Recuerdo que en la presentación de De los otros en Salamanca, Santiago Tobón comentó que en Sexto Piso estaban “muy contentos por publicar la primera novela de Mariano”. “La primera y la última”, añadí yo. En aquel momento, tras haberme pasado cuatro años —o cuarenta y cuatro— escribiendo aquel libro, no me parecía tener ningún motivo para volver a la novela.
Para mí, el motivo para escribir una novela no tiene nada que ver con tener una historia que contar; todos tenemos historias, más o menos entretenidas o emocionantes o instructivas. El motivo para escribir una novela —y para leerla— está en que resulte estimulante desde el punto de vista formal. O, por decirlo de otro modo, que lo que nos entretenga, emocione e instruya sea la manera de contar algo que puede ser una historia, o varias, o una visión del mundo o el deseo de un mundo.

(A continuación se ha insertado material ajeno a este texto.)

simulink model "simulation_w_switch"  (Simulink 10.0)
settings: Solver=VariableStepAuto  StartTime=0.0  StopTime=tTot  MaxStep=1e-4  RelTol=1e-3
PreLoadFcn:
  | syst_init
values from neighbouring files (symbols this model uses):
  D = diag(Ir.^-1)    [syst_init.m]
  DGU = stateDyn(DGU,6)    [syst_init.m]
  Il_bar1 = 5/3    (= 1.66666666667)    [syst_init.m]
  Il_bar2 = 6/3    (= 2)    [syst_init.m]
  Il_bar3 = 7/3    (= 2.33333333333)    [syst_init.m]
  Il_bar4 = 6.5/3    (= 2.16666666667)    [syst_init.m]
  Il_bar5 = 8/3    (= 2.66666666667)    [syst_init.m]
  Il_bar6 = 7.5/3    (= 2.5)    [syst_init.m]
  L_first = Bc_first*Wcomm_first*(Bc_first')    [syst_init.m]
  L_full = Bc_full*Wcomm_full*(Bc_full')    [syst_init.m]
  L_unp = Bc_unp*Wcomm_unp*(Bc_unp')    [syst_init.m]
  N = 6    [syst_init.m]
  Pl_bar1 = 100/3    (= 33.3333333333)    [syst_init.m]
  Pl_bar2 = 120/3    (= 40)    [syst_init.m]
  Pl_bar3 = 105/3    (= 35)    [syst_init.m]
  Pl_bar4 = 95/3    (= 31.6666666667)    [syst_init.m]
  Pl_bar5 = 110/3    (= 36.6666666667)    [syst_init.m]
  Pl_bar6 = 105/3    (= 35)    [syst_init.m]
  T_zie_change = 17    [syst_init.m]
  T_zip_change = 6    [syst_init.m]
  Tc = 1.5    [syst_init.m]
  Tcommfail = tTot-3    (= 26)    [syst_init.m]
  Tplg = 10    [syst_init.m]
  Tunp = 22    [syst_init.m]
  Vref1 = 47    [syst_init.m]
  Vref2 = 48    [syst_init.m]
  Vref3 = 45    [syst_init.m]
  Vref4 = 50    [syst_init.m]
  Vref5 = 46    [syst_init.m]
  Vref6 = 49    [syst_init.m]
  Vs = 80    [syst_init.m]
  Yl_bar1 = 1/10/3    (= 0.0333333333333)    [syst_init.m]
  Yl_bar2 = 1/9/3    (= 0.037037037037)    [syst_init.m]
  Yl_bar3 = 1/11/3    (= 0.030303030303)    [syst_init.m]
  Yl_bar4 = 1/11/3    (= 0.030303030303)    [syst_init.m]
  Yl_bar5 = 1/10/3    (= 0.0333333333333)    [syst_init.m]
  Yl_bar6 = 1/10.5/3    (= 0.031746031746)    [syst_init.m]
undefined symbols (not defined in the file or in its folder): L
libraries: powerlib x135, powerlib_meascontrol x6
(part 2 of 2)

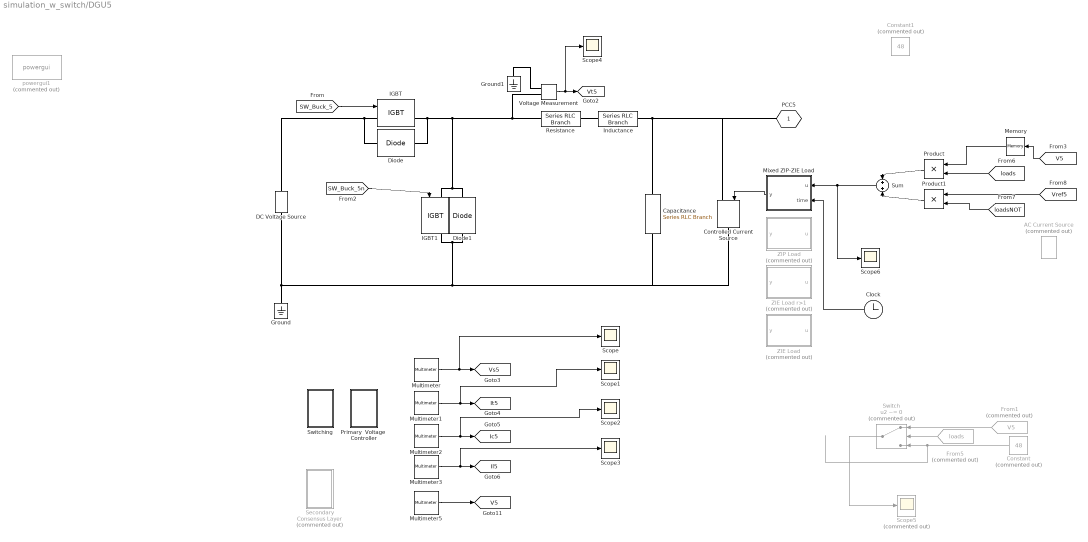
== system simulation_w_switch/DGU5 ==
  AC Current Source : powerlib/Electrical Sources/AC Current Source  Commented=on  Amplitude=18  Phase=90  Frequency=0  SampleTime=0  Measurements=Current
      settings: SourceProductName=Simscape Electrical  SourceProductBaseCode=PS
  Capacitance : powerlib/Elements/Series RLC Branch  LConnTagsString=__new0  RConnTagsString=__new0  BranchType=C  Resistance=1  Inductance=1.8e-3  SetiL0=off  InitialCurrent=0  Capacitance=DGU(5).Ct  Setx0=on  InitialVoltage=48  Measurements=Branch voltage and current
      settings: SourceProductName=Simscape Electrical
  Clock : Clock
  Constant : Constant  Commented=on  Value=48
  Constant1 : Constant  Commented=on  Value=48
  Controlled Current Source : powerlib/Electrical Sources/Controlled Current Source  Initialize=on  Source_Type=DC  Amplitude=Il_bar5  Phase=0  Frequency=0  Measurements=Current
      settings: SourceProductName=Simscape Electrical
  DC Voltage Source : powerlib/Electrical Sources/DC Voltage Source  Amplitude=Vs  Measurements=Voltage
      settings: SourceProductName=Simscape Electrical
  Diode : powerlib/Power Electronics/Diode  Ron=0.001  Lon=0  Vf=0.8  IC=0  UseSnubber=0  Rs=500  Cs=250e-9  Measurements=off
      settings: SourceProductName=Simscape Electrical
  Diode1 : powerlib/Power Electronics/Diode  Ron=0.001  Lon=0  Vf=0.8  IC=0  UseSnubber=0  Rs=500  Cs=250e-9  Measurements=off
      settings: SourceProductName=Simscape Electrical
  From1 : From  Commented=on  GotoTag=V5  TagVisibility=global
  From5 : From  Commented=on  GotoTag=loads  TagVisibility=global
  Ground : powerlib/Elements/Ground  LConnTagsString=a
      settings: SourceProductName=Simscape Electrical
  Ground1 : powerlib/Elements/Ground  LConnTagsString=a
      settings: SourceProductName=Simscape Electrical
  IGBT : powerlib/Power Electronics/IGBT  Ron=0.001  Lon=0  Vf=1  Tf=1e-6  Tt=2e-6  IC=0  Rs=1e5  Cs=inf  Measurements=on
      settings: SourceProductName=Simscape Electrical
  IGBT1 : powerlib/Power Electronics/IGBT  Ron=0.001  Lon=0  Vf=1  Tf=1e-6  Tt=2e-6  IC=0  Rs=1e5  Cs=inf  Measurements=on
      settings: SourceProductName=Simscape Electrical
  Inductance : powerlib/Elements/Series RLC Branch  LConnTagsString=__new0  RConnTagsString=__new0  BranchType=L  Resistance=1  Inductance=DGU(5).Lt  SetiL0=on  InitialCurrent=Il_bar5  Capacitance=1e-6  Setx0=off  InitialVoltage=0  Measurements=None
      settings: SourceProductName=Simscape Electrical
  Memory : Memory
  Mixed ZIP-ZIE Load : MATLAB Function  TreatAsAtomicUnit=on
  Multimeter : powerlib/Measurements/Multimeter  PhasorSimulation=off  OutputType=Complex  sel=11  L=30  Gain=1  yselected={'Usrc: DGU5/DC Voltage Source'};  PSBOutputType=1  PSBequivalent=0  AxesSetting=[0,0.1,-100,100]  Display=0  SavedBlockNames=-11
      settings: SourceProductName=Simscape Electrical
  Multimeter1 : powerlib/Measurements/Multimeter  PhasorSimulation=off  OutputType=Complex  sel=22  L=30  Gain=1  yselected={'Ib: DGU5/Resistance'};  PSBOutputType=1  PSBequivalent=0  AxesSetting=[0,0.1,-100,100]  Display=0  SavedBlockNames=-11
      settings: SourceProductName=Simscape Electrical
  Multimeter2 : powerlib/Measurements/Multimeter  PhasorSimulation=off  OutputType=Complex  sel=21  L=30  Gain=1  yselected={'Ib: DGU5/Capacitance'};  PSBOutputType=1  PSBequivalent=0  AxesSetting=[0,0.1,-100,100]  Display=0  SavedBlockNames=-11
      settings: SourceProductName=Simscape Electrical
  Multimeter3 : powerlib/Measurements/Multimeter  PhasorSimulation=off  OutputType=Complex  sel=29  L=30  Gain=1  yselected={'Isrc: DGU5/Controlled Current Source'};  PSBOutputType=1  PSBequivalent=0  AxesSetting=[0,0.1,-100,100]  Display=0  SavedBlockNames=-11
      settings: SourceProductName=Simscape Electrical
  Multimeter5 : powerlib/Measurements/Multimeter  PhasorSimulation=off  OutputType=Complex  sel=5  L=30  Gain=1  yselected={'Ub: DGU5/Capacitance'};  PSBOutputType=1  PSBequivalent=0  AxesSetting=[0,0.1,-100,100]  Display=0  SavedBlockNames=-11
      settings: SourceProductName=Simscape Electrical
  Primary  Voltage  Controller : Subsystem
  Product : Product
  Product1 : Product
  Resistance : powerlib/Elements/Series RLC Branch  LConnTagsString=__new0  RConnTagsString=__new0  BranchType=R  Resistance=DGU(5).Rt  Inductance=1e-3  SetiL0=off  InitialCurrent=0  Capacitance=1e-6  Setx0=off  InitialVoltage=0  Measurements=Branch current
      settings: SourceProductName=Simscape Electrical
  Scope{,1..4,6} (6 alike) : Scope
  Scope5 : Scope  Commented=on
  Secondary Consensus Layer : Subsystem  Commented=on
  Sum : Sum  Inputs=+|+
  Switch : Switch  Commented=on  Criteria=u2 ~= 0  Threshold=0.1  ZeroCross=off
  Switching : Subsystem
  Voltage Measurement : powerlib/Measurements/Voltage Measurement  PhasorSimulation=off  OutputType=Complex  PSBequivalent=0
      settings: SourceProductName=Simscape Electrical
  ZIE Load : MATLAB Function  Commented=on  TreatAsAtomicUnit=on
  ZIE Load r>1 : MATLAB Function  Commented=on  TreatAsAtomicUnit=on
  ZIP Load : MATLAB Function  Commented=on  TreatAsAtomicUnit=on
  powergui1 : powerlib/powergui  Priority=1  Commented=on  SimulationMode=Continuous  SampleTime=50e-6  frequency=60  Iterations=50  frequencyindice=60  Pbase=100e6  ErrMax=1e-4  UnitsV=kV  UnitsW=MW  buscounter=0  FunctionMessages=off  echomessages=off  EnableUseOfTLC=off  CurrentSourceSwitches=off  DisableSnubberDevices=off  DisableRonSwitches=off  DisableVfSwitches=off  DisplayEquations=off  AutomaticDiscreteSolvers=off  SolverType=Tustin/Backward Euler (TBE)  Interpol=off  ExternalGateDelay=off  methode=off  Ts=100  x0status=blocks  SPID=on  SwTol=0  HookPort=off  NonlinearTolerance=1e-4  nMaxIteration=100  ContinueOnMaxIteration=off  RestoreLinks=warning  ResistiveCurrentMeasurement=off  Frange=[0:2:500]  Ylog=off  Xlog=on  ShowGrid=off  save=off  variable=ZData  structure=0  ZoomFFT=off  StartTime=0.0  cycles=1  DisplayStyle=1  fundamental=60  FreqAxis=off  MaxFrequency=1000  frequencyindicesteady=1  RmsSteady=1  display=off
      settings: SourceProductName=Simscape Electrical
  PCC5 : PMIOPort  Tag=PMCPort  Side=Left
  tag scope: Ic5=global, Il5=global, It5=global, V5=global, Vs5=global, Vt5=global
  wires:
  Multimeter/1 -> Scope/1, [Vs5]
  Multimeter2/1 -> Scope2/1, [Ic5]
  Voltage Measurement/1 -> Scope4/1, [Vt5]
  Multimeter1/1 -> Scope1/1, [It5]
  [SW_Buck_5n] -> IGBT1/1
  Multimeter3/1 -> Scope3/1, [Il5]
  [SW_Buck_5] -> IGBT/1
  Multimeter5/1 -> [V5]
  Mixed ZIP-ZIE Load/1(y) -> Controlled Current Source/1
  From5/1 -> Switch/2
  From1/1 -> Switch/1
  Constant/1 -> Switch/3
  Switch/1 -> Scope5/1
  [Vref5] -> Product1/1
  Product1/1 -> Sum/2
  Sum/1 -> Mixed ZIP-ZIE Load/1(u), Scope6/1
  [loadsNOT] -> Product1/2
  [loads] -> Product/2
  Memory/1 -> Product/1
  Product/1 -> Sum/1
  [V5] -> Memory/1
  Clock/1 -> Mixed ZIP-ZIE Load/2(time)
  connections:
  Ground1/LConn1 -- Voltage Measurement/LConn2
  IGBT1/RConn1 -- Controlled Current Source/RConn1 -- Capacitance/RConn1 -- Ground/LConn1 -- DC Voltage Source/LConn1 -- Diode1/LConn1
  Capacitance/LConn1 -- Controlled Current Source/LConn1 -- PCC5/RConn1 -- Inductance/RConn1
  IGBT/LConn1 -- Diode/RConn1 -- DC Voltage Source/RConn1
  Resistance/RConn1 -- Inductance/LConn1
  IGBT/RConn1 -- Resistance/LConn1 -- Voltage Measurement/LConn1 -- Diode1/RConn1 -- IGBT1/LConn1 -- Diode/LConn1

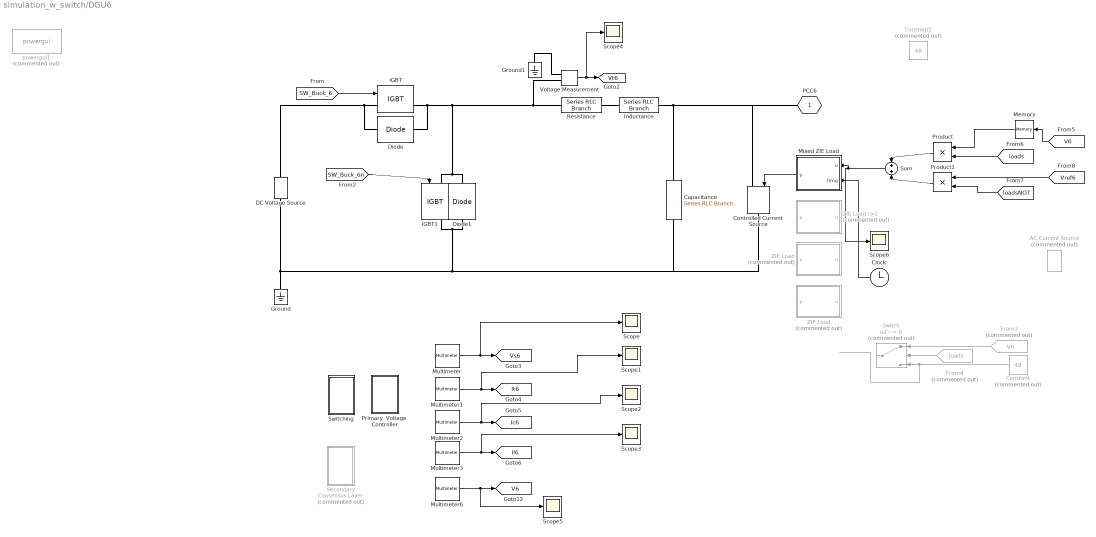
== system simulation_w_switch/DGU6 ==
  AC Current Source : powerlib/Electrical Sources/AC Current Source  Commented=on  Amplitude=16  Phase=90  Frequency=0  SampleTime=0  Measurements=Current
      settings: SourceProductName=Simscape Electrical  SourceProductBaseCode=PS
  Capacitance : powerlib/Elements/Series RLC Branch  LConnTagsString=__new0  RConnTagsString=__new0  BranchType=C  Resistance=1  Inductance=1.8e-3  SetiL0=off  InitialCurrent=0  Capacitance=DGU(6).Ct  Setx0=on  InitialVoltage=48  Measurements=Branch voltage and current
      settings: SourceProductName=Simscape Electrical
  Clock : Clock
  Constant : Constant  Commented=on  Value=48
  Constant1 : Constant  Commented=on  Value=48
  Controlled Current Source : powerlib/Electrical Sources/Controlled Current Source  Initialize=off  Source_Type=DC  Amplitude=Il_bar6  Phase=0  Frequency=0  Measurements=Current
      settings: SourceProductName=Simscape Electrical
  DC Voltage Source : powerlib/Electrical Sources/DC Voltage Source  Amplitude=Vs  Measurements=Voltage
      settings: SourceProductName=Simscape Electrical
  Diode : powerlib/Power Electronics/Diode  Ron=0.001  Lon=0  Vf=0.8  IC=0  UseSnubber=0  Rs=500  Cs=250e-9  Measurements=off
      settings: SourceProductName=Simscape Electrical
  Diode1 : powerlib/Power Electronics/Diode  Ron=0.001  Lon=0  Vf=0.8  IC=0  UseSnubber=0  Rs=500  Cs=250e-9  Measurements=off
      settings: SourceProductName=Simscape Electrical
  From3 : From  Commented=on  GotoTag=V6  TagVisibility=global
  From4 : From  Commented=on  GotoTag=loads  TagVisibility=global
  Ground : powerlib/Elements/Ground  LConnTagsString=a
      settings: SourceProductName=Simscape Electrical
  Ground1 : powerlib/Elements/Ground  LConnTagsString=a
      settings: SourceProductName=Simscape Electrical
  IGBT : powerlib/Power Electronics/IGBT  Ron=0.001  Lon=0  Vf=1  Tf=1e-6  Tt=2e-6  IC=0  Rs=1e5  Cs=inf  Measurements=on
      settings: SourceProductName=Simscape Electrical
  IGBT1 : powerlib/Power Electronics/IGBT  Ron=0.001  Lon=0  Vf=1  Tf=1e-6  Tt=2e-6  IC=0  Rs=1e5  Cs=inf  Measurements=on
      settings: SourceProductName=Simscape Electrical
  Inductance : powerlib/Elements/Series RLC Branch  LConnTagsString=__new0  RConnTagsString=__new0  BranchType=L  Resistance=1  Inductance=DGU(6).Lt  SetiL0=on  InitialCurrent=Il_bar6  Capacitance=1e-6  Setx0=off  InitialVoltage=0  Measurements=None
      settings: SourceProductName=Simscape Electrical
  Memory : Memory
  Mixed ZIE Load : MATLAB Function  TreatAsAtomicUnit=on
  Multimeter : powerlib/Measurements/Multimeter  PhasorSimulation=off  OutputType=Complex  sel=12  L=30  Gain=1  yselected={'Usrc: DGU6/DC Voltage Source'};  PSBOutputType=1  PSBequivalent=0  AxesSetting=[0,0.1,-100,100]  Display=0  SavedBlockNames=-11
      settings: SourceProductName=Simscape Electrical
  Multimeter1 : powerlib/Measurements/Multimeter  PhasorSimulation=off  OutputType=Complex  sel=24  L=30  Gain=1  yselected={'Ib: DGU6/Resistance'};  PSBOutputType=1  PSBequivalent=0  AxesSetting=[0,0.1,-100,100]  Display=0  SavedBlockNames=-11
      settings: SourceProductName=Simscape Electrical
  Multimeter2 : powerlib/Measurements/Multimeter  PhasorSimulation=off  OutputType=Complex  sel=23  L=30  Gain=1  yselected={'Ib: DGU6/Capacitance'};  PSBOutputType=1  PSBequivalent=0  AxesSetting=[0,0.1,-100,100]  Display=0  SavedBlockNames=-11
      settings: SourceProductName=Simscape Electrical
  Multimeter3 : powerlib/Measurements/Multimeter  PhasorSimulation=off  OutputType=Complex  sel=30  L=30  Gain=1  yselected={'Isrc: DGU6/Controlled Current Source'};  PSBOutputType=1  PSBequivalent=0  AxesSetting=[0,0.1,-100,100]  Display=0  SavedBlockNames=-11
      settings: SourceProductName=Simscape Electrical
  Multimeter6 : powerlib/Measurements/Multimeter  PhasorSimulation=off  OutputType=Complex  sel=6  L=30  Gain=1  yselected={'Ub: DGU6/Capacitance'};  PSBOutputType=1  PSBequivalent=0  AxesSetting=[0,0.1,-100,100]  Display=0  SavedBlockNames=-11
      settings: SourceProductName=Simscape Electrical
  Primary  Voltage  Controller : Subsystem
  Product : Product
  Product1 : Product
  Resistance : powerlib/Elements/Series RLC Branch  LConnTagsString=__new0  RConnTagsString=__new0  BranchType=R  Resistance=DGU(6).Rt  Inductance=1e-3  SetiL0=off  InitialCurrent=0  Capacitance=1e-6  Setx0=off  InitialVoltage=0  Measurements=Branch current
      settings: SourceProductName=Simscape Electrical
  Scope{,1..6} (7 alike) : Scope
  Secondary Consensus Layer : Subsystem  Commented=on
  Sum : Sum  Inputs=+|+
  Switch : Switch  Commented=on  Criteria=u2 ~= 0  Threshold=0.1
  Switching : Subsystem
  Voltage Measurement : powerlib/Measurements/Voltage Measurement  PhasorSimulation=off  OutputType=Complex  PSBequivalent=0
      settings: SourceProductName=Simscape Electrical
  ZIE Load : MATLAB Function  Commented=on  TreatAsAtomicUnit=on
  ZIE Load r>1 : MATLAB Function  Commented=on  TreatAsAtomicUnit=on
  ZIP Load : MATLAB Function  Commented=on  TreatAsAtomicUnit=on
  powergui1 : powerlib/powergui  Priority=1  Commented=on  SimulationMode=Continuous  SampleTime=50e-6  frequency=60  Iterations=50  frequencyindice=60  Pbase=100e6  ErrMax=1e-4  UnitsV=kV  UnitsW=MW  buscounter=0  FunctionMessages=off  echomessages=off  EnableUseOfTLC=off  CurrentSourceSwitches=off  DisableSnubberDevices=off  DisableRonSwitches=off  DisableVfSwitches=off  DisplayEquations=off  AutomaticDiscreteSolvers=off  SolverType=Tustin/Backward Euler (TBE)  Interpol=off  ExternalGateDelay=off  methode=off  Ts=100  x0status=blocks  SPID=on  SwTol=0  HookPort=off  NonlinearTolerance=1e-4  nMaxIteration=100  ContinueOnMaxIteration=off  RestoreLinks=warning  ResistiveCurrentMeasurement=off  Frange=[0:2:500]  Ylog=off  Xlog=on  ShowGrid=off  save=off  variable=ZData  structure=0  ZoomFFT=off  StartTime=0.0  cycles=1  DisplayStyle=1  fundamental=60  FreqAxis=off  MaxFrequency=1000  frequencyindicesteady=1  RmsSteady=1  display=off
      settings: SourceProductName=Simscape Electrical
  PCC6 : PMIOPort  Tag=PMCPort  Side=Right
  tag scope: Ic6=global, Il6=global, It6=global, V6=global, Vs6=global, Vt6=global
  wires:
  Multimeter/1 -> Scope/1, [Vs6]
  Multimeter2/1 -> Scope2/1, [Ic6]
  Voltage Measurement/1 -> Scope4/1, [Vt6]
  Multimeter1/1 -> Scope1/1, [It6]
  [SW_Buck_6n] -> IGBT1/1
  Multimeter3/1 -> Scope3/1, [Il6]
  [SW_Buck_6] -> IGBT/1
  Multimeter6/1 -> Scope5/1, [V6]
  Mixed ZIE Load/1(y) -> Controlled Current Source/1
  From3/1 -> Switch/1
  From4/1 -> Switch/2
  Constant/1 -> Switch/3
  [Vref6] -> Product1/1
  Product1/1 -> Sum/2
  Sum/1 -> Scope6/1, Mixed ZIE Load/1(u)
  [loadsNOT] -> Product1/2
  [loads] -> Product/2
  Memory/1 -> Product/1
  Product/1 -> Sum/1
  [V6] -> Memory/1
  Clock/1 -> Mixed ZIE Load/2(time)
  connections:
  Ground1/LConn1 -- Voltage Measurement/LConn2
  IGBT1/RConn1 -- Controlled Current Source/RConn1 -- Capacitance/RConn1 -- Ground/LConn1 -- DC Voltage Source/LConn1 -- Diode1/LConn1
  Capacitance/LConn1 -- Controlled Current Source/LConn1 -- PCC6/RConn1 -- Inductance/RConn1
  IGBT/LConn1 -- Diode/RConn1 -- DC Voltage Source/RConn1
  Resistance/RConn1 -- Inductance/LConn1
  IGBT/RConn1 -- Resistance/LConn1 -- Voltage Measurement/LConn1 -- Diode1/RConn1 -- IGBT1/LConn1 -- Diode/LConn1

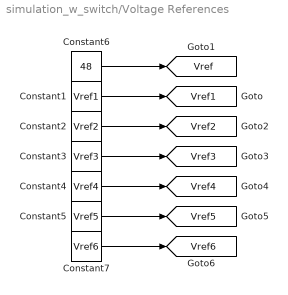
== system simulation_w_switch/Voltage References ==
  Constant1 : Constant  Value=Vref1
  Constant2 : Constant  Value=Vref2
  Constant3 : Constant  Value=Vref3
  Constant4 : Constant  Value=Vref4
  Constant5 : Constant  Value=Vref5
  Constant6 : Constant  Value=48
  Constant7 : Constant  Value=Vref6
  tag scope: Vref1=global, Vref2=global, Vref3=global, Vref4=global, Vref5=global, Vref6=global, Vref=global
  wires:
  Constant6/1 -> [Vref]
  Constant7/1 -> [Vref6]
  Constant5/1 -> [Vref5]
  Constant4/1 -> [Vref4]
  Constant3/1 -> [Vref3]
  Constant2/1 -> [Vref2]
  Constant1/1 -> [Vref1]

== system simulation_w_switch/DGU1/Primary  Voltage  Controller ==
  Gain1 : Gain  Gain=DGU(1).K  Multiplication=Matrix(K*u) (u vector)
  Integrator : Integrator
  Mux : Mux
  Sum : Sum  Inputs=-|+|-
  tag scope: Vt1d=global, x1=global
  wires:
  [It1] -> Mux/2
  Integrator/1 -> Mux/3
  Gain1/1 -> [Vt1d]
  Sum/1 -> Integrator/1
  Mux/1 -> [x1], Gain1/1
  [Vref1] -> Sum/2
  [V1] -> Mux/1, Sum/1
  [omega1] -> Mux/4, Sum/3

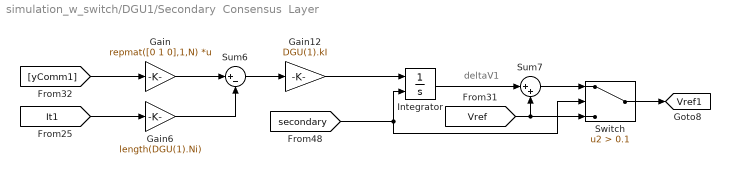
== system simulation_w_switch/DGU1/Secondary  Consensus  Layer ==
  note: deltaV1
  Gain : Gain  Gain=repmat([0 1 0],1,N)  Multiplication=Matrix(K*u) (u vector)
  Gain12 : Gain  Gain=DGU(1).kI
  Gain6 : Gain  Gain=length(DGU(1).Ni)
  Integrator : Integrator  ExternalReset=rising
  Sum6 : Sum  Inputs=|+-
  Sum7 : Sum  Inputs=|++
  Switch : Switch  Criteria=u2 > Threshold  Threshold=0.1
  tag scope: Vref1=global
  wires:
  [secondary] -> Integrator/2, Switch/2
  [yComm1] -> Gain/1
  Gain/1 -> Sum6/1
  Sum7/1 -> Switch/1
  Integrator/1 -> Sum7/1
  Switch/1 -> [Vref1]
  [Vref] -> Switch/3, Sum7/2
  [It1] -> Gain6/1
  Gain6/1 -> Sum6/2
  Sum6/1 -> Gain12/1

Si unos meses después, contradiciéndome alegremente —con la alegría que supone aceptar las propias contradicciones—, empecé a escribir Los nombres de las cosas, fue porque encontré un motivo para hacerlo: comencé a imaginar una forma que me resultaba estimulante tratar de concretar, una manera de narrar que me suponía una especie de desafío, entendido como una forma de placer.
Por supuesto, ahora no soy capaz de explicar en qué consistía esa forma. La escritura siempre conlleva esa pérdida, una tachadura: el libro, cuando ya ha alcanzado un estado definitivo, borra su gestación, impone una presencia, fija lo que en algún momento se movía. Pero sé que esa forma tenía que ver con la posibilidad de crear algo que criticara precisamente esa fijeza, una fijeza que tal vez la relación entre los nombres y las cosas representa mejor que nada.
Si un hilo del libro iba a ser la relación entre las cosas y sus nombres, podía ser interesante que la narración, en vez de ser cronológica, se organizara en torno a diversos núcleos temáticos: una escena, por explicarlo más claramente, podía contarse en diversos capítulos distintos del libro, en función de los temas que aparecieran en ella. Esto además permitiría mostrar el entrelazamiento del presente, el pasado y el futuro, criticar otra fijeza, esa idea del tiempo que en realidad no procede de la experiencia humana. Sólo durante breves instantes, unos segundos, estamos exclusivamente en el presente, en un recuerdo o en una expectativa. Por lo general, vivimos atravesando los tres tiempos a la vez.
Para criticar esa fijeza, contaría con un narrador que no entendiera del todo lo que estaba relatando ni viviendo, un personaje dominado por la negación, el conformismo y el miedo: lo que nos lleva a ampararnos en la fijeza. Y su mirada ingenua y sentimental podía compensarse con otras miradas más irónicas. El libro, tal como yo lo sigo imaginando, ofrece una combinación de una mirada trágica y una mirada cómica que no supone una síntesis, un punto medio, sino que se sitúa en los dos extremos a la vez. Esta idea aparece citada por uno de los personajes, que recuerda una frase de Hugo Ball, uno de los fundadores del dadaísmo: “Lo que hacíamos era al mismo tiempo una ópera bufa y una misa de réquiem”. Y el dadaísmo desemboca en el punk. En muchos momentos, durante el proceso de escritura, me imaginé calificando mi libro de punk sin disfraz, punk ilustrado o punk con ternura.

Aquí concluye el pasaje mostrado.